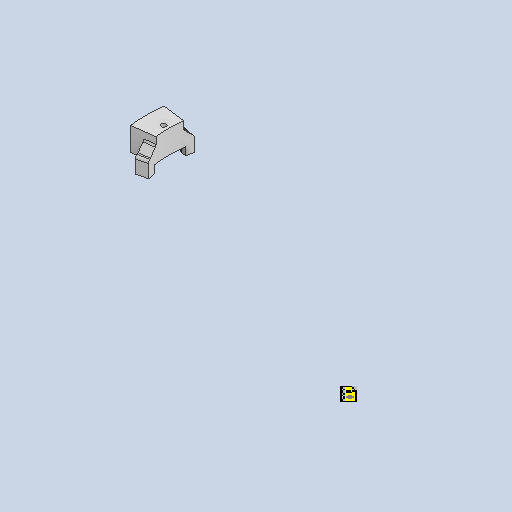
# Autodesk Inventor part: Spacer (make 5)
Saved by Autodesk Inventor 2025.1 (Build 291241020, 241B)
## iProperties
Created: 2024-12-11
Part Number: Spacer (make 5)
Material: Generic
Document SubType Name: Modeling
Designer: jdl5984
Density: 1 g/cm^3
Appearance: Default
Author: jdl5984
Autodesk Inventor part; units mm, degrees
ref_plane "YZ Plane" through (0, 0, 0) normal (1, 0, 0) x (0, 1, 0)
ref_plane "XZ Plane" through (0, 0, 0) normal (0, 1, 0) x (-1, 0, 0)
ref_plane "XY Plane" through (0, 0, 0) normal (0, 0, 1) x (1, 0, 0)
sketch "Sketch1" plane through (0, 0, 0) normal (0, 1, 0) x (-1, 0, 0)
  circle A0 centre (0, 0) radius 2.6543
  circle A1 centre (0, 0) radius 12.7 construction
  circle A2 centre (-120.65, 0) radius 120.65 construction
  arc A3 (5.2635, 16.5768) -> (5.2635, -16.5768) centre (-120.65, 0) ccw
  circle A4 centre (-120.65, 0) radius 92.075 construction
  line L0 (-120.65, 0) -> (17.8548, -18.2345)
  line L1 (-120.65, 0) -> (17.8548, 18.2345)
  line L2 (95.25, 0) -> (-260.35, 0) construction
  arc A5 (-6.5724, -15.0186) -> (-6.5724, 15.0186) centre (-120.65, 0) ccw
  circle A6 centre (-120.65, 0) radius 139.7
  line L3 (166.37, 0) -> (-331.47, 0) projected
  circle A7 centre (-120.65, 0) radius 115.062
  line L4 (-120.65, 0) -> (15.7386, 30.2366)
  line L5 (-120.65, 0) -> (15.7386, -30.2366)
  line L6 (-120.65, 0) -> (4.955, 18.7718)
  line L7 (-120.65, 0) -> (4.955, -18.7718)
  point P0 (-5.588, 0)
  point P1 (-8.3154, -24.904)
  point P2 (3.3396, -27.4878)
  point P3 (3.3396, 27.4878)
  point P4 (-8.3154, 24.904)
  point P5 (-6.5724, 15.0186)
  point P6 (-6.8519, 17.0072)
  point P7 (-6.8519, -17.0072)
  dimension "d4" = 241.3
  dimension "d0" = 5.3086
  dimension "d1" = 25.4
  dimension "d5" = 254
  dimension "d6" = 184.15
  dimension "d7" = 7.5
  dimension "d8" = 7.5
  dimension "d9" = 5.588
  dimension "d10" = 279.4
  dimension "d11" = 115.062
  dimension "d12" = 355.6
  dimension "d13" = 25
  dimension "d14" = 12.5
  dimension "d22" = 17
  dimension "d23" = 8.5
  constraints: 14 end point, 12 point on circle, 7 coincident, 6 centre point, 4 point on line, 1 collinear, 1 horizontal, 1 horizontal alignment, 5 other
  measures "d0" diameter of A0
  measures "d1" diameter of A1
  measures "d5" diameter of A3
  measures "d6" diameter of A4
  measures "d7" angle of L0 L2
  measures "d8" angle of L1 L2
  measures "d9" distance of point (-5.588, 0) point (0, 0)
  measures "d10" diameter of A6
  measures "d11" radius of A5
  measures "d12" distance of L2.start L2.end
  measures "d13" angle of L4 L5
  measures "d14" angle of L4 L2
  measures "d22" angle of L6 L7
  measures "d23" angle of L3 L7
extrude "Extrusion1" add sketch "Sketch1" along normal blind 25.4 contours L3 A6 L0 A5 A0 | A0 L3 A5 L1 A6
extrude "Extrusion2" add sketch "Sketch1" along normal mid plane 17.018 contours L7 A3 L5 A7 | A7 L4 A3 L6
extrude "Extrusion3" add sketch "Sketch1" along normal blind 8.509 contours L0 A3 L7 A7 | A7 L6 A3 L1
chamfer "Chamfer1" distance 8.382 angle 45 2 edges at (0.6544, 8.509, 15.7977) (0.6544, 8.509, -15.7977)
fillet "Fillet1" radius 3.175 6 edges at (2.4879, 8.509, 26.1959) (2.0373, 8.509, -24.07) (2.0373, 8.509, 24.07) (0.6544, 16.891, 15.7977) (0.6544, 16.891, -15.7977) (2.4879, 8.509, -26.1959)
fillet "Fillet2" radius 6.35 2 edges at (-4.955, -4.2545, 18.7718) (-4.955, -4.2545, -18.7718)
equation "\"d14\" = 0.5 * d13"
equation "\"d23\" = 0.5 * d22"
body "Solid1"

* [What is required]:
Look above for the line containing "## iProperties" and the line containing "plane through (0, 0, 0)". Transcribe both, with the lines between them, exactly.

* [Answer box]:
## iProperties
Created: 2024-12-11
Part Number: Spacer (make 5)
Material: Generic
Document SubType Name: Modeling
Designer: jdl5984
Density: 1 g/cm^3
Appearance: Default
Author: jdl5984
Autodesk Inventor part; units mm, degrees
ref_plane "YZ Plane" through (0, 0, 0) normal (1, 0, 0) x (0, 1, 0)
ref_plane "XZ Plane" through (0, 0, 0) normal (0, 1, 0) x (-1, 0, 0)
ref_plane "XY Plane" through (0, 0, 0) normal (0, 0, 1) x (1, 0, 0)
sketch "Sketch1" plane through (0, 0, 0) normal (0, 1, 0) x (-1, 0, 0)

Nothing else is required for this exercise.